The object code generated in the assembly stage is composed of machine instructions that the processor understands but some pieces of the program are out of order or missing. To produce an executable program, the existing pieces have to be rearranged and the missing ones filled in. This process is called linking.

The linker will arrange the pieces of object code so that functions in some pieces can successfully call functions in other ones. It will also add pieces containing the instructions for library functions used by the program. In the case of the “Hello, World!” program, the linker will add the object code for the puts function.

The result of this stage is the final executable program. When run without options, cc will name this file a.out. To name the file something else, pass the -o option to cc:

cc -o hello_world hello_world.c

What is the process called compiling?

The process of converting source code written in any programming language—usually a mid- or high-level language—into a machine-level language that is understandable by the computer is known as Compilation. The software used for this conversion is known as a compiler.

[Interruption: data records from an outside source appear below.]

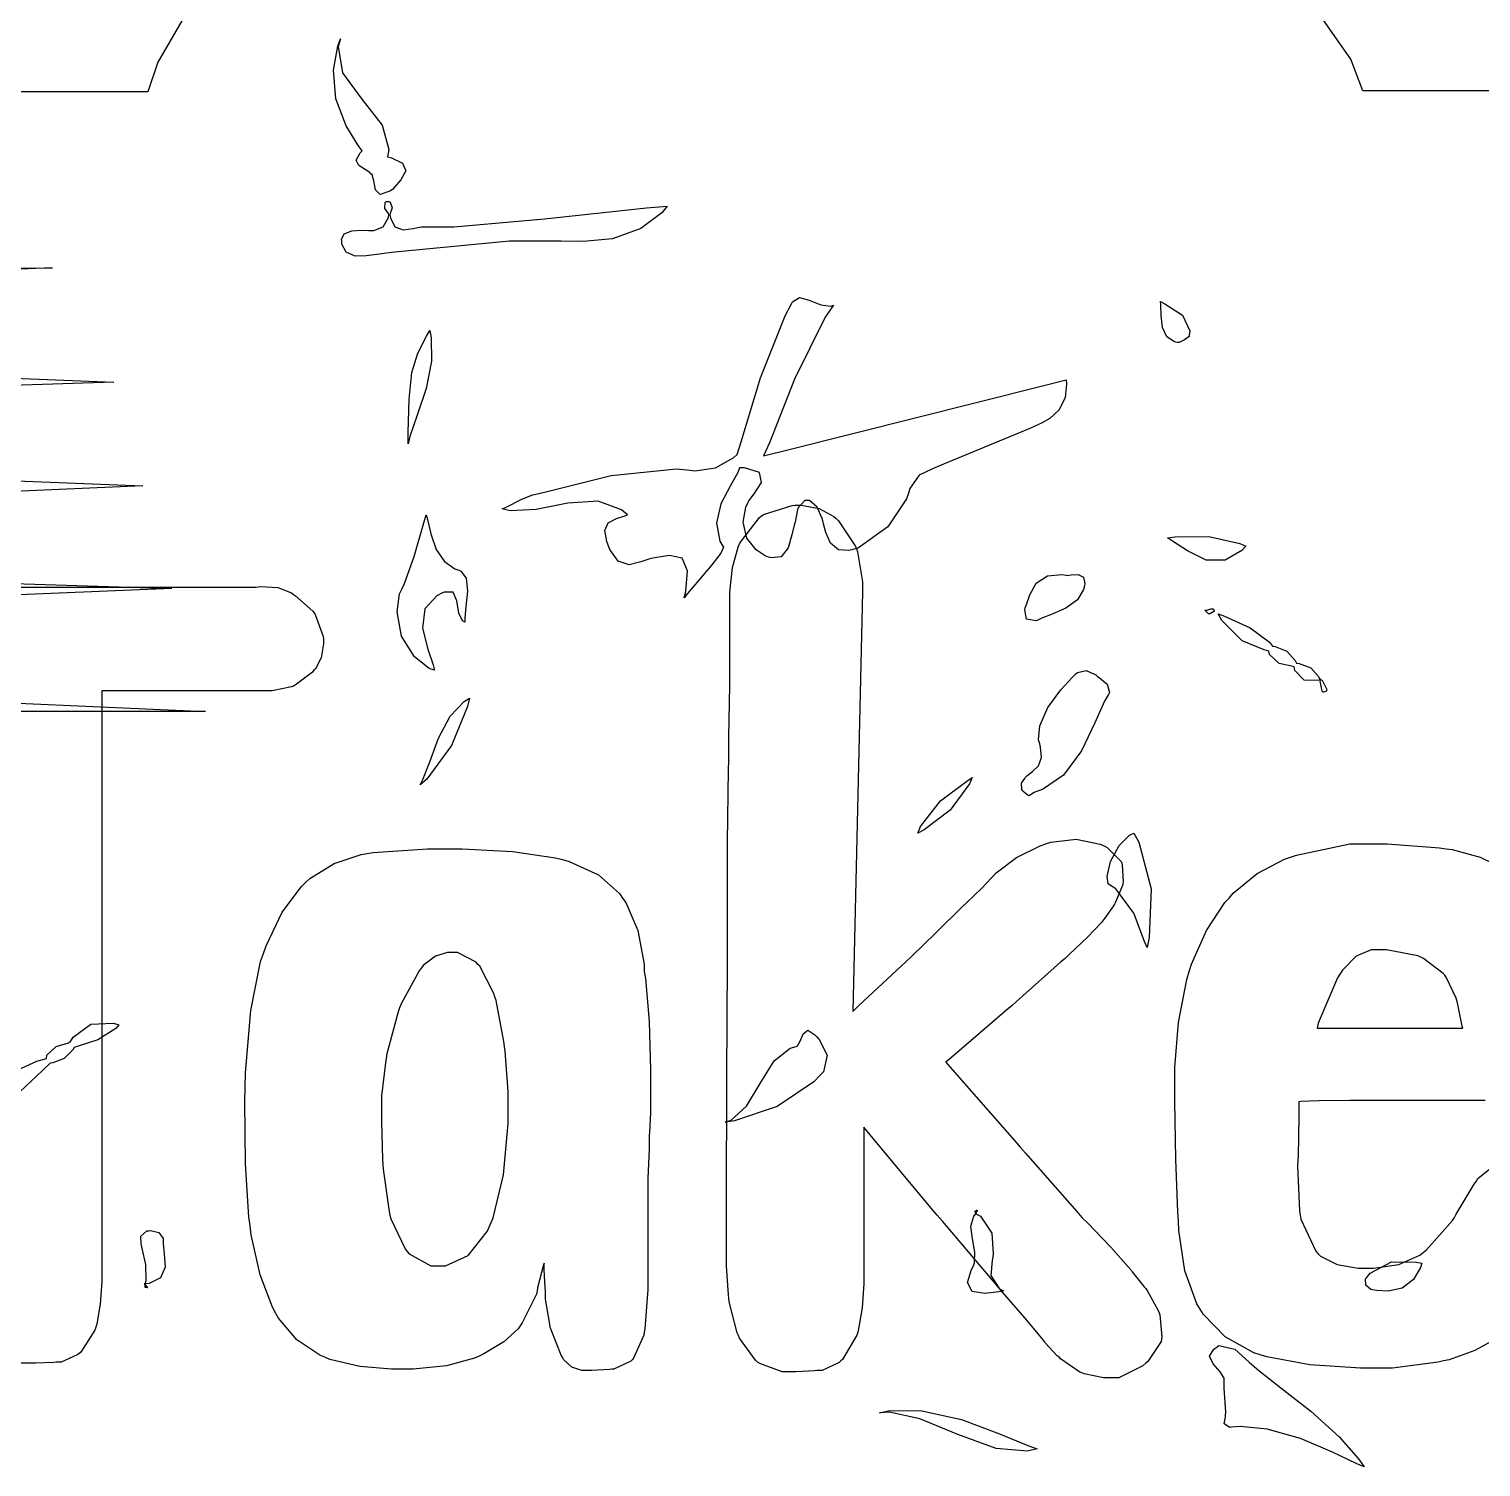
# Model space of a CAD drawing. Extents: x 103 to 248, y 22 to 332.
# Drawn here: x 180.89 to 223.38, y 222.96 to 265.05 of the extents above; entities that cross this region are included whole.
import ezdxf

# ---------------------------------------------------------------- set-up
doc = ezdxf.new("R2010")
doc.units = 0
doc.header["$MEASUREMENT"] = 0

msp = doc.modelspace()

# ---------------------------------------------------------------- linework, layer by layer
at = {"color": 32}
for points in [[(186.068, 266.507), (184.66, 264.077), (184.362, 263.208), (177.624, 263.208)], [(234.81, 263.242), (219.921, 263.242), (219.57, 264.162), (217.837, 266.657)], [(149.049, 257.987), (181.574, 258.057), (150.636, 256.786)], [(164.078, 255.481), (183.374, 254.706), (149.684, 253.611)], [(149.401, 253.048), (184.22, 251.671), (178.435, 251.424)], [(153.881, 249.66), (185.068, 248.672), (156.104, 247.474)], [(177.271, 245.463), (186.054, 245.074), (118.427, 245.074)], [(180.327, 234.476), (181.121, 234.839), (181.398, 234.914), (181.398, 234.914), (181.413, 235.012), (181.685, 235.268), (182.041, 235.374), (182.104, 235.409), (182.182, 235.541), (182.703, 235.92), (183.364, 235.946), (183.515, 235.902), (183.426, 235.788), (182.902, 235.463), (182.324, 235.277), (182.21, 235.233), (182.174, 235.162), (181.923, 234.912), (181.583, 234.783), (181.504, 234.774), (181.287, 234.564), (180.626, 233.941)]]:
    msp.add_lwpolyline(points, dxfattribs=at)
for points in [[(190.007, 264.76), (189.94, 264.536), (190.067, 263.769), (190.628, 262.992), (191.221, 262.235), (191.423, 261.52), (191.382, 261.302), (191.496, 261.276), (191.824, 261.12), (191.915, 260.893), (191.773, 260.634), (191.586, 260.42), (191.522, 260.35), (191.445, 260.298), (191.17, 260.204), (191.033, 260.342), (190.982, 260.599), (190.927, 260.776), (190.889, 260.809), (190.861, 260.85), (190.725, 260.938), (190.538, 261.051), (190.465, 261.211), (190.585, 261.424), (190.64, 261.479), (190.511, 261.654), (190.173, 262.214), (189.873, 263), (189.797, 263.846), (189.922, 264.545), (190.007, 264.76)], [(199.566, 259.857), (199.405, 259.667), (198.789, 259.206), (197.961, 258.909), (197.105, 258.83), (196.464, 258.833), (196.251, 258.833), (194.954, 258.833), (191.496, 258.507), (191.065, 258.446), (190.988, 258.439), (190.76, 258.407), (190.434, 258.402), (190.167, 258.514), (190.045, 258.753), (190.041, 258.833), (190.036, 258.885), (190.114, 259.048), (190.332, 259.139), (190.616, 259.157), (190.82, 259.151), (190.889, 259.151), (190.981, 259.151), (191.258, 259.261), (191.408, 259.53), (191.418, 259.608), (191.408, 259.644), (191.302, 259.79), (191.315, 259.967), (191.346, 259.997), (191.346, 259.997), (191.418, 259.997), (191.418, 259.997), (191.455, 259.975), (191.514, 259.817), (191.461, 259.644), (191.452, 259.608), (191.464, 259.518), (191.595, 259.256), (191.839, 259.167), (192.136, 259.212), (192.363, 259.256), (192.44, 259.256), (193.324, 259.256), (195.976, 259.49), (198.957, 259.813), (199.566, 259.857)], [(200.237, 252.13), (200.37, 252.113), (200.977, 252.202), (201.515, 252.501), (201.613, 252.589), (201.727, 252.96), (202.3, 254.834), (203.014, 256.655), (203.2, 256.999), (203.233, 257.061), (203.437, 257.192), (203.724, 257.113), (204.057, 256.97), (204.349, 256.935), (204.435, 256.963), (204.187, 256.61), (203.292, 254.798), (202.555, 252.934), (202.388, 252.553), (203.138, 252.739), (210.511, 254.591), (211.244, 254.776), (211.253, 254.649), (211.211, 254.26), (211.036, 253.899), (210.761, 253.651), (210.516, 253.511), (210.432, 253.471), (210.175, 253.357), (207.652, 252.306), (207.397, 252.2), (207.309, 252.166), (206.943, 251.99), (206.666, 251.602), (206.622, 251.46), (206.568, 251.293), (206.018, 250.472), (205.166, 249.864), (204.964, 249.803), (204.874, 249.778), (204.578, 249.801), (204.341, 250.001), (204.205, 250.314), (204.138, 250.566), (204.118, 250.649), (204.1, 250.72), (203.954, 251.055), (203.732, 251.248), (203.659, 251.248), (203.591, 251.248), (203.389, 251.024), (203.323, 250.675), (203.306, 250.613), (203.276, 250.523), (203.214, 250.245), (203.102, 249.864), (202.898, 249.601), (202.612, 249.564), (202.53, 249.59), (202.434, 249.625), (202.172, 249.8), (201.899, 250.147), (201.79, 250.613), (201.868, 251.05), (201.929, 251.178), (201.956, 251.24), (202.114, 251.437), (202.322, 251.769), (202.271, 252.061), (201.83, 252.198), (201.683, 252.2), (201.629, 252.063), (201.411, 251.67), (201.132, 251.147), (201.003, 250.578), (201.109, 250.057), (201.19, 249.907), (201.209, 249.876), (201.137, 249.701), (200.875, 249.362), (200.489, 248.916), (200.163, 248.526), (200.061, 248.392), (200.109, 248.586), (200.164, 249.189), (199.999, 249.556), (199.634, 249.632), (199.264, 249.579), (199.143, 249.554), (199.053, 249.542), (198.795, 249.452), (198.45, 249.366), (198.126, 249.472), (197.885, 249.816), (197.838, 249.943), (197.799, 250.045), (197.741, 250.369), (197.842, 250.596), (198.08, 250.717), (198.322, 250.795), (198.402, 250.825), (198.231, 250.975), (197.545, 251.226), (196.66, 251.165), (195.727, 250.98), (194.97, 250.948), (194.733, 251.001), (194.848, 251.055), (195.289, 251.28), (195.623, 251.416), (195.685, 251.424), (196.055, 251.513), (197.921, 251.976), (199.84, 252.174), (200.237, 252.13)], [(214.842, 256.081), (214.842, 256.049), (214.704, 255.95), (214.543, 255.87), (214.489, 255.87), (214.406, 255.891), (214.183, 256.038), (214.056, 256.311), (214.022, 256.664), (214.008, 256.97), (213.996, 257.069), (214.128, 256.999), (214.643, 256.668), (214.858, 256.213), (214.842, 256.081)], [(191.981, 252.906), (191.986, 253.232), (192.01, 254.208), (192.088, 254.988), (192.27, 255.556), (192.526, 256.059), (192.617, 256.223), (192.658, 256.004), (192.665, 255.323), (192.51, 254.525), (192.249, 253.748), (192.038, 253.119), (191.981, 252.906)], [(191.805, 248.672), (191.875, 248.815), (192.158, 249.604), (192.439, 250.588), (192.51, 250.825), (192.546, 250.687), (192.648, 250.27), (192.801, 249.815), (193.045, 249.461), (193.35, 249.247), (193.463, 249.202), (193.529, 249.177), (193.683, 248.97), (193.722, 248.59), (193.675, 248.136), (193.639, 247.799), (193.639, 247.686), (193.577, 247.72), (193.464, 247.952), (193.409, 248.307), (193.301, 248.564), (193.04, 248.567), (192.969, 248.532), (192.825, 248.458), (192.475, 248.07), (192.4, 247.51), (192.557, 246.895), (192.716, 246.432), (192.757, 246.275), (192.595, 246.331), (192.166, 246.665), (191.791, 247.275), (191.66, 247.986), (191.733, 248.518), (191.805, 248.672)], [(216.499, 249.907), (216.377, 249.78), (215.897, 249.501), (215.339, 249.502), (214.788, 249.769), (214.352, 250.06), (214.206, 250.155), (214.427, 250.182), (215.419, 250.191), (216.323, 249.987), (216.499, 249.907)], [(210.043, 248.109), (210.076, 248.204), (210.175, 248.486), (210.365, 248.823), (210.692, 249.042), (211.11, 249.082), (211.244, 249.061), (211.27, 249.053), (211.386, 249.067), (211.587, 249.075), (211.749, 248.998), (211.785, 248.804), (211.773, 248.744), (211.749, 248.638), (211.571, 248.342), (211.234, 248.091), (210.829, 247.922), (210.527, 247.805), (210.432, 247.756), (210.363, 247.722), (210.078, 247.774), (210.026, 248.048), (210.043, 248.109)], [(215.301, 248.039), (215.353, 248.039), (215.471, 248.073), (215.511, 248.073), (215.529, 248.073), (215.573, 248.012), (215.583, 248.003), (215.565, 247.995), (215.445, 247.933), (215.407, 247.933), (215.397, 247.942), (215.309, 248.03), (215.301, 248.039)], [(217.275, 246.98), (217.354, 246.972), (217.694, 246.84), (217.945, 246.566), (217.981, 246.485), (218.059, 246.477), (218.396, 246.349), (218.625, 246.098), (218.652, 246.027), (218.686, 246.027), (218.686, 246.027), (218.686, 246.002), (218.686, 245.992), (218.73, 245.984), (218.871, 245.718), (218.863, 245.674), (218.863, 245.666), (218.766, 245.631), (218.758, 245.64), (218.73, 245.667), (218.669, 245.958), (218.686, 245.992), (218.598, 245.976), (218.205, 245.988), (217.936, 246.271), (217.91, 246.379), (217.839, 246.397), (217.474, 246.477), (217.195, 246.736), (217.171, 246.838), (217.038, 246.874), (216.389, 247.135), (215.794, 247.73), (215.688, 247.933), (215.872, 247.862), (216.626, 247.523), (217.187, 247.095), (217.275, 246.98)], [(210.326, 242.711), (210.308, 242.703), (210.166, 242.615), (210.149, 242.605), (210.131, 242.615), (209.981, 242.729), (209.973, 242.747), (209.941, 242.787), (209.929, 242.968), (210.026, 243.108), (210.043, 243.134), (210.092, 243.184), (210.253, 243.315), (210.426, 243.484), (210.514, 243.725), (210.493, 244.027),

What happens when a program is compiled?

A compiler takes the program code (source code) and converts the source code to a machine language module (called an object file). Another specialized program, called a linker, combines this object file with other previously compiled object files (in particular run-time modules) to create an executable file.

What is the preprocessor stage of compiling?

Preprocessing manipulates the text of a source file, usually as a first phase of translation that is initiated by a compiler invocation. Common tasks accomplished by preprocessing are macro substitution, testing for conditional compilation directives, and file inclusion.

What is compile and execute programs?

A compiler is an executable program that takes program source code (text) as input and translates it into an executable program (binary machine code) that it writes into a file as output. That executable program can then be run to process input data and generate output according to whatever we wrote our program to do.